Problem to work on >> Copy every line of the records below where the word "mechanical" occurs.

Source records >>
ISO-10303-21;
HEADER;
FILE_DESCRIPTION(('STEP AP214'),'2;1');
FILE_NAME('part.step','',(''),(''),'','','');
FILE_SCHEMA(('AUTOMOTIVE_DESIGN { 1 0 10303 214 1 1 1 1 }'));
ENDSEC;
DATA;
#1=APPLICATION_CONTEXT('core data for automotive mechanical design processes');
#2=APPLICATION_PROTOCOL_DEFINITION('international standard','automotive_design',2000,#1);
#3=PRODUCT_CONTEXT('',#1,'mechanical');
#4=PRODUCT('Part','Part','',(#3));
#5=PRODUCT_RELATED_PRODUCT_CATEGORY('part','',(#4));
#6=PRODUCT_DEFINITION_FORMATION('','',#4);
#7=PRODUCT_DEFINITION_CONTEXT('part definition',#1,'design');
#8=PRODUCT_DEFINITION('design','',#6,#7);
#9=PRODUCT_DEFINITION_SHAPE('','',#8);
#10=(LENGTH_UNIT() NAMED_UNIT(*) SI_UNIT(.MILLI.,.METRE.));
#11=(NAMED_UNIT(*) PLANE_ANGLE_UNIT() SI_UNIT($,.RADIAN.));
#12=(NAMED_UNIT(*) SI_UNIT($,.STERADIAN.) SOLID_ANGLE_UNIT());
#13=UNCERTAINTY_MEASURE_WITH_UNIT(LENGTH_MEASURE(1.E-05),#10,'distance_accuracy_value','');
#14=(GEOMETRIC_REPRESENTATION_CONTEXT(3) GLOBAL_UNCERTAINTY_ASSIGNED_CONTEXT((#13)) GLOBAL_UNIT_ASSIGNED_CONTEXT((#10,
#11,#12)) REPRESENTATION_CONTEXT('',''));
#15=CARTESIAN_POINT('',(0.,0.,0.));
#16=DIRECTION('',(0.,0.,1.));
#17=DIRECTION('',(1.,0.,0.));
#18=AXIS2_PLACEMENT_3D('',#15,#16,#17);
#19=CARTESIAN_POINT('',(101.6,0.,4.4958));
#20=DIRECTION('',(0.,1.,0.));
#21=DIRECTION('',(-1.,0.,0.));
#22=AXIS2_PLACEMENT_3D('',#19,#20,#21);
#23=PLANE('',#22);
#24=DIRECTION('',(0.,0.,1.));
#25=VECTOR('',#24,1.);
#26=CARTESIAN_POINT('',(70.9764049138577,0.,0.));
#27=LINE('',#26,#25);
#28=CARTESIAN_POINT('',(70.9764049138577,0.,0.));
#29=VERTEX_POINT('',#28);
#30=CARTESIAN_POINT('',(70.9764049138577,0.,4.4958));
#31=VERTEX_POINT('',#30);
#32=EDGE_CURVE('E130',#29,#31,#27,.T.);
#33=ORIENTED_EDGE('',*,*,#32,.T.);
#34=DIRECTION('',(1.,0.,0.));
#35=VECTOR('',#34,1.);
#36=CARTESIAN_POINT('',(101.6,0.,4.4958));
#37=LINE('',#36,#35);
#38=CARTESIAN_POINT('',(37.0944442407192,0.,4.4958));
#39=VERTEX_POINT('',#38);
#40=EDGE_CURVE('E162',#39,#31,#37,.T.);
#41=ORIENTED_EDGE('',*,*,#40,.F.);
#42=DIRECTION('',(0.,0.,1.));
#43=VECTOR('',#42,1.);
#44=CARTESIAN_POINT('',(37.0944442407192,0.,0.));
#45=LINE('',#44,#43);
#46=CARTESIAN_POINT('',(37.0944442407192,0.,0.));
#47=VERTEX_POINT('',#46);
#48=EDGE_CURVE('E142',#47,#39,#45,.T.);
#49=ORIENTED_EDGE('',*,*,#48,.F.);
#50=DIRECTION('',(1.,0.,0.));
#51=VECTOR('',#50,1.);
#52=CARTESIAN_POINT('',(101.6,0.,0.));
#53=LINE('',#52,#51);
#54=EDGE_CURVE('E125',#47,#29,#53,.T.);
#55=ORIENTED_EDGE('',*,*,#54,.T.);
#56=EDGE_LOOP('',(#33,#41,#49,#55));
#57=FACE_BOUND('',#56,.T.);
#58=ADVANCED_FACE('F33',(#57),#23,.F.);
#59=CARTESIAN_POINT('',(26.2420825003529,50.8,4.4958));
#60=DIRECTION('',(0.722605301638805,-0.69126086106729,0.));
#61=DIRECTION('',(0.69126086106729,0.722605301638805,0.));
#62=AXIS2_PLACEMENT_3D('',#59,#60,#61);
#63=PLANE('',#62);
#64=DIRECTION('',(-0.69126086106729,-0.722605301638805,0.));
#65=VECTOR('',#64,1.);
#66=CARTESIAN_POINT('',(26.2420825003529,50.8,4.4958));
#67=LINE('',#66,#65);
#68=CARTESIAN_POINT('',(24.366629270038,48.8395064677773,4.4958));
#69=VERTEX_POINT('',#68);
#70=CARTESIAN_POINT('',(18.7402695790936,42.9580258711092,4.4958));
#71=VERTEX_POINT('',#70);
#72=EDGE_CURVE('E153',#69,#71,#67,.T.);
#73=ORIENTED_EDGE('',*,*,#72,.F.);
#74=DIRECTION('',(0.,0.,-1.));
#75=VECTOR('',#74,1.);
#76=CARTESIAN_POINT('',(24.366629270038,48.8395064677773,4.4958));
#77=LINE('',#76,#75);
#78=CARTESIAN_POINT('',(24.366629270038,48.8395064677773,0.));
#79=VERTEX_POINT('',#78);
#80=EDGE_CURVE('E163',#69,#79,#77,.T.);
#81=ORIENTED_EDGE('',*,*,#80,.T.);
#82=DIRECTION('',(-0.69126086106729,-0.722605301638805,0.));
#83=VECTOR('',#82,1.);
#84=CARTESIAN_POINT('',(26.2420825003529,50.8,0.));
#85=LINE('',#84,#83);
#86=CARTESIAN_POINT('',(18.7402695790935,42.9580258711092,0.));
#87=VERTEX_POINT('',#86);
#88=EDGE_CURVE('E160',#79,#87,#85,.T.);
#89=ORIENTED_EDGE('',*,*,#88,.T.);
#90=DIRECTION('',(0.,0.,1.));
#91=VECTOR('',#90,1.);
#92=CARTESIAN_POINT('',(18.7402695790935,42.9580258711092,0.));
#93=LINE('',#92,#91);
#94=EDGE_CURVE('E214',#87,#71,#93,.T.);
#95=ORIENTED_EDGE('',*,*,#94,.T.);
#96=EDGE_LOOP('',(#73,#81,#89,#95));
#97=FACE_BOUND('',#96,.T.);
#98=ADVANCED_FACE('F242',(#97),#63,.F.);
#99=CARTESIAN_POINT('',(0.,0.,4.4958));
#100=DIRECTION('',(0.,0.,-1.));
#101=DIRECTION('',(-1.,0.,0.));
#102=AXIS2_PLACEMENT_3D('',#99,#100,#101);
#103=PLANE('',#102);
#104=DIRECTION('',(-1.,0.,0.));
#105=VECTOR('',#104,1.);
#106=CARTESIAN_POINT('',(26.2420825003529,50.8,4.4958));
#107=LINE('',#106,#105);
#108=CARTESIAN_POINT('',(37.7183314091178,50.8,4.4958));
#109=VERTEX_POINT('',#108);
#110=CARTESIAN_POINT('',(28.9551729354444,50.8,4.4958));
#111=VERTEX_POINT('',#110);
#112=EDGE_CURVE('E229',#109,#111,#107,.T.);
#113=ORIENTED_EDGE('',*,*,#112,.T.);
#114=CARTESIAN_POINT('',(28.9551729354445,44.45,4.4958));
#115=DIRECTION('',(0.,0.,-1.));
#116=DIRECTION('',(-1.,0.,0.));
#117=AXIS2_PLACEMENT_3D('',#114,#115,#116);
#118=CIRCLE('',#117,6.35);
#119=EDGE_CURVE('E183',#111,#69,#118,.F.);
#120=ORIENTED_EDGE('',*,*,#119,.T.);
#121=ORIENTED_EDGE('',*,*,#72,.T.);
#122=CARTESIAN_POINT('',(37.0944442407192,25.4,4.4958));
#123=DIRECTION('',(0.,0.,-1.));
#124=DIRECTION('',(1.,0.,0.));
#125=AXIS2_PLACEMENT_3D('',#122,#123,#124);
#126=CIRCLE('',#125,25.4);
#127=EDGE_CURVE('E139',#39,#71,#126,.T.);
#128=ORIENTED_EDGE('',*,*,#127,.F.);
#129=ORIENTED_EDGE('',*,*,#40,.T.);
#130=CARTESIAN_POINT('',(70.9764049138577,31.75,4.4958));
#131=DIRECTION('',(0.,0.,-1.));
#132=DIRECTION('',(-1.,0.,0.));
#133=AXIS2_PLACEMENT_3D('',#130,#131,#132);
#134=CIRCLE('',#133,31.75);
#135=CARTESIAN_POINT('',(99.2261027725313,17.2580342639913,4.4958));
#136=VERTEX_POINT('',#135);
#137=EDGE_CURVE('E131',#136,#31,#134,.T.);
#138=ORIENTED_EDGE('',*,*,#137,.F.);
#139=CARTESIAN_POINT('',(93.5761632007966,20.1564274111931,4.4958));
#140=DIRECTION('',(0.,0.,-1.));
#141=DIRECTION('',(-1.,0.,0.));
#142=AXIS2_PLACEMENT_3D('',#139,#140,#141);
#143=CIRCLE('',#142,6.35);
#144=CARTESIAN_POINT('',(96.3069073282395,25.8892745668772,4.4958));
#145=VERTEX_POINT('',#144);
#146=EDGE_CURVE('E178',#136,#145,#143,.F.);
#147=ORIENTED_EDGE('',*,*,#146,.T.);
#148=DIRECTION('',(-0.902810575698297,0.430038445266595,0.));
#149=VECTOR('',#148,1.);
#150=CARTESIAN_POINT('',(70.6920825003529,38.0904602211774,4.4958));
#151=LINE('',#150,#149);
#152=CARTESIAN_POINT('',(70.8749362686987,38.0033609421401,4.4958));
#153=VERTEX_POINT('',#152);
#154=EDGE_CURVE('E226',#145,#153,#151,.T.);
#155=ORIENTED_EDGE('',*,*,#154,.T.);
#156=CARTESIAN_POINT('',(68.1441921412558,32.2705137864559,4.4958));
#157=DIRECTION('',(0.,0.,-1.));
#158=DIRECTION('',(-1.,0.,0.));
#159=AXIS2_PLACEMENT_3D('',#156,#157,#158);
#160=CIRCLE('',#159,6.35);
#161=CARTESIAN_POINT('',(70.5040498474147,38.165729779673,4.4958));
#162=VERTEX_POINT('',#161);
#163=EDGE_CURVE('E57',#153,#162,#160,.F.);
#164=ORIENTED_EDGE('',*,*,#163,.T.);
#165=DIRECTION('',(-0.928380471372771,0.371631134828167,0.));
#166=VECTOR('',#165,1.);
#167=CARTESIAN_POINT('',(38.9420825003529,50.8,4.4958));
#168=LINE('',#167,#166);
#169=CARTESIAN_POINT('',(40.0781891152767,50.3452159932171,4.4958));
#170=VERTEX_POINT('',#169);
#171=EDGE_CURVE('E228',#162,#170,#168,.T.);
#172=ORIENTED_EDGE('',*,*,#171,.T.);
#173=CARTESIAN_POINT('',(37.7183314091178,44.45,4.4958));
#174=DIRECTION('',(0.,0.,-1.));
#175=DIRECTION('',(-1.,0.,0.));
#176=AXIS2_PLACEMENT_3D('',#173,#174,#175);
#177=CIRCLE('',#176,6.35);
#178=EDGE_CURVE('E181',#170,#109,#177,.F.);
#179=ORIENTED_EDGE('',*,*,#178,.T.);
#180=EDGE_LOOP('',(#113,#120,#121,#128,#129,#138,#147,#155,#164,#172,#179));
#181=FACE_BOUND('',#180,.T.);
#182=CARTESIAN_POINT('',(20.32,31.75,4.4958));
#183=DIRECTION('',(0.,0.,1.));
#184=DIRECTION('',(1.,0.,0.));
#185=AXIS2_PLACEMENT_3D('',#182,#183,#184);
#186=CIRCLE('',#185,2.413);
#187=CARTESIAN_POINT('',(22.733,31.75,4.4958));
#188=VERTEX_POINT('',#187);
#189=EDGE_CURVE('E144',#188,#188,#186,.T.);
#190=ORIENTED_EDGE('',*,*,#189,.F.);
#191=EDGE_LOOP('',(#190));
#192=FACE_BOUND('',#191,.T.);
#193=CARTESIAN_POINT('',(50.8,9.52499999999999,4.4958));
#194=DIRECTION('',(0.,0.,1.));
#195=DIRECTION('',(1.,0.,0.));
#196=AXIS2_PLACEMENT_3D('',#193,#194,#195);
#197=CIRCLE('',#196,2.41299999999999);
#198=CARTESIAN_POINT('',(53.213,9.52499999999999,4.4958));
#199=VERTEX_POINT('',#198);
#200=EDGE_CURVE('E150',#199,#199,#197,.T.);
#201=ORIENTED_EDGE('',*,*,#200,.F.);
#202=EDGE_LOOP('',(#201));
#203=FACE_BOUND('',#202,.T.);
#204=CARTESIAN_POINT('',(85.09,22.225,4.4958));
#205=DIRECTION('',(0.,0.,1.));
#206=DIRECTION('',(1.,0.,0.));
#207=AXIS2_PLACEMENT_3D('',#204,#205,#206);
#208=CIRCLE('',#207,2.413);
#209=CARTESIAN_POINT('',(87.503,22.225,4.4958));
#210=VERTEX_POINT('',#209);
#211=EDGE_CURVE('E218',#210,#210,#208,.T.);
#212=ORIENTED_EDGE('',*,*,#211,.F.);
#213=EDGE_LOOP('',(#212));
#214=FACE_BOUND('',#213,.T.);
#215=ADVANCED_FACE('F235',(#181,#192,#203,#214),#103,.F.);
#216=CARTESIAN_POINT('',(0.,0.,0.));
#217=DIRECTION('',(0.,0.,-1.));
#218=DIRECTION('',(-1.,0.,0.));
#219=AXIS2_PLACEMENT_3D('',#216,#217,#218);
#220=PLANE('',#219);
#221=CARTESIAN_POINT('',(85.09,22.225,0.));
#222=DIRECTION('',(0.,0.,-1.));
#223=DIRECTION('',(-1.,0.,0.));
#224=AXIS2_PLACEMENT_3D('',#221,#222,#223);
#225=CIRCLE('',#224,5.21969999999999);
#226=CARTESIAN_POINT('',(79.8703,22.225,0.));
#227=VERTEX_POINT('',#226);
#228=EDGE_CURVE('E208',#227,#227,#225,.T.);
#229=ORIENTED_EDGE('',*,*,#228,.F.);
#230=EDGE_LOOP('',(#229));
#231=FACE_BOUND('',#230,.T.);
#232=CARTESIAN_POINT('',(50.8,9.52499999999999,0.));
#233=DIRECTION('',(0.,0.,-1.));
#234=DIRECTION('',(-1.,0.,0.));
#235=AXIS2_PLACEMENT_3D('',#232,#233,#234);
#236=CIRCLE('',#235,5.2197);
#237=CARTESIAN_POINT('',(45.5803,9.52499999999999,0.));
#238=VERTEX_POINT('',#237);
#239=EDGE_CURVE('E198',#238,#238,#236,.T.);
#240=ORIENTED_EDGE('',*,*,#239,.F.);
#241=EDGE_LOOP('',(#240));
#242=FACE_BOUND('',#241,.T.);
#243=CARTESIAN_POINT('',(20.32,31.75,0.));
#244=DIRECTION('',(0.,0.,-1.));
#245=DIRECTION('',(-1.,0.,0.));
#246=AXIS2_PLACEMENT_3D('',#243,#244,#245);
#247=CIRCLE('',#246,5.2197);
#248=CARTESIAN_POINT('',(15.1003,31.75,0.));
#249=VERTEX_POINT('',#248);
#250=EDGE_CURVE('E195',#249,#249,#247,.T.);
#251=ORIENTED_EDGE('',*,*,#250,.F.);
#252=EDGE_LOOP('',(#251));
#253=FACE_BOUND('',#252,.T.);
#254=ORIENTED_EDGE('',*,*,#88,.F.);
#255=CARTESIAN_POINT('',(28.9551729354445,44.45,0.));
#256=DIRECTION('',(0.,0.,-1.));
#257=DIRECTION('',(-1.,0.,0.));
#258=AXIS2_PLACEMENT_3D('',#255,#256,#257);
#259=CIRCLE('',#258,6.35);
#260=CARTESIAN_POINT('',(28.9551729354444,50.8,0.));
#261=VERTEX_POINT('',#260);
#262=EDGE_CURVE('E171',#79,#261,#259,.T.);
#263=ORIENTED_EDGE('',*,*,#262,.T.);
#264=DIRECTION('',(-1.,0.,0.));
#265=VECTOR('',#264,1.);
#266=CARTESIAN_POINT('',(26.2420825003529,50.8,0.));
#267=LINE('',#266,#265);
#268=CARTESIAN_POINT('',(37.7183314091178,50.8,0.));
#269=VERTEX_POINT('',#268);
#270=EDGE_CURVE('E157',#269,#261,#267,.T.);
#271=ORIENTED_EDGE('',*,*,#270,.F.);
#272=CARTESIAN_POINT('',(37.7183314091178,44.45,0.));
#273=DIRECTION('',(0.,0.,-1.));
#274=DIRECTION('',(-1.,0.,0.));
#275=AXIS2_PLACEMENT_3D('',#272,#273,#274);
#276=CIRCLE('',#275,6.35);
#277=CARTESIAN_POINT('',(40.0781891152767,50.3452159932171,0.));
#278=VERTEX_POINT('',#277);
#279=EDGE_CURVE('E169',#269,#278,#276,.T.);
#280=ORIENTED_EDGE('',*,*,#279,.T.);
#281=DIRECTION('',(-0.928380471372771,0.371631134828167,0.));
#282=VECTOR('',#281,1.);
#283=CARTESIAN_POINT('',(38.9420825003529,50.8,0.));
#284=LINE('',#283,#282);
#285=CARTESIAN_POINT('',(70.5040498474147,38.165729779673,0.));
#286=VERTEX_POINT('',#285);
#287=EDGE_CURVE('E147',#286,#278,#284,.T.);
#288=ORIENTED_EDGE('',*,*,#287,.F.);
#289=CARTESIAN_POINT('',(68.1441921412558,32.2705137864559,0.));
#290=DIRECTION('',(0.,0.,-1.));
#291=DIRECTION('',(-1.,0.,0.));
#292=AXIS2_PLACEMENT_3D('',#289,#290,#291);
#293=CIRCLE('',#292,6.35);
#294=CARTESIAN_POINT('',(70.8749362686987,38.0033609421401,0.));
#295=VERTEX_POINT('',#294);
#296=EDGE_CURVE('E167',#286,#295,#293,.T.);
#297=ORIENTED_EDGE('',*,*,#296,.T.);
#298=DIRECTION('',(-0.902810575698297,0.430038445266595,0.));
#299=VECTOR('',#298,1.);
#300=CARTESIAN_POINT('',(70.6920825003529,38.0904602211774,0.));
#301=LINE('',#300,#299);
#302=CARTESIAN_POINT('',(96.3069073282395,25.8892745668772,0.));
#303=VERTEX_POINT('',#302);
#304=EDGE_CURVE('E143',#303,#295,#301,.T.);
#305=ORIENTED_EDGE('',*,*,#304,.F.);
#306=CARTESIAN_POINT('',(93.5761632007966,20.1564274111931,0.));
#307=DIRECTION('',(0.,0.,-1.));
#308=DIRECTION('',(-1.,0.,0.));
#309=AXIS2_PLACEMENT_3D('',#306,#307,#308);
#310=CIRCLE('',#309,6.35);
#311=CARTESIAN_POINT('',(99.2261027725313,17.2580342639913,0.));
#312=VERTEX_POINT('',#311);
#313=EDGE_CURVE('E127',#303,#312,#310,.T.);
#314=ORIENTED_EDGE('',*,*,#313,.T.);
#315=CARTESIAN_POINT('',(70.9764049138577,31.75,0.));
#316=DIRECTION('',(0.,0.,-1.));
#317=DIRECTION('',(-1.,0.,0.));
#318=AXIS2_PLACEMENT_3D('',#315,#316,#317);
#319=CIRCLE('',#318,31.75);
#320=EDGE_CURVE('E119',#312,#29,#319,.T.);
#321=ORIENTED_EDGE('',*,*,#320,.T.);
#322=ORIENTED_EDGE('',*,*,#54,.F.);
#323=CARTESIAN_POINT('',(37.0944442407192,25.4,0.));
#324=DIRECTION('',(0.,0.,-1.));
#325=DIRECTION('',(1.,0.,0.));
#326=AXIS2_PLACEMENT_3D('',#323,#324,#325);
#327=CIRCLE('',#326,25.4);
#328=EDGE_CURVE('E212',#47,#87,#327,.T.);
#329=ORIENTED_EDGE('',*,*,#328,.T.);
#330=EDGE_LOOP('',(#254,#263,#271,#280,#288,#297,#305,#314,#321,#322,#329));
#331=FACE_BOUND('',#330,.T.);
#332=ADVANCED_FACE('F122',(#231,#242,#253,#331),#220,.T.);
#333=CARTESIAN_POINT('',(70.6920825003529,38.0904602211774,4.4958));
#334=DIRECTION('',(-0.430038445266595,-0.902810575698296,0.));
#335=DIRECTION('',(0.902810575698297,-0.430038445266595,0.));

Solution below >>
#1=APPLICATION_CONTEXT('core data for automotive mechanical design processes');
#3=PRODUCT_CONTEXT('',#1,'mechanical');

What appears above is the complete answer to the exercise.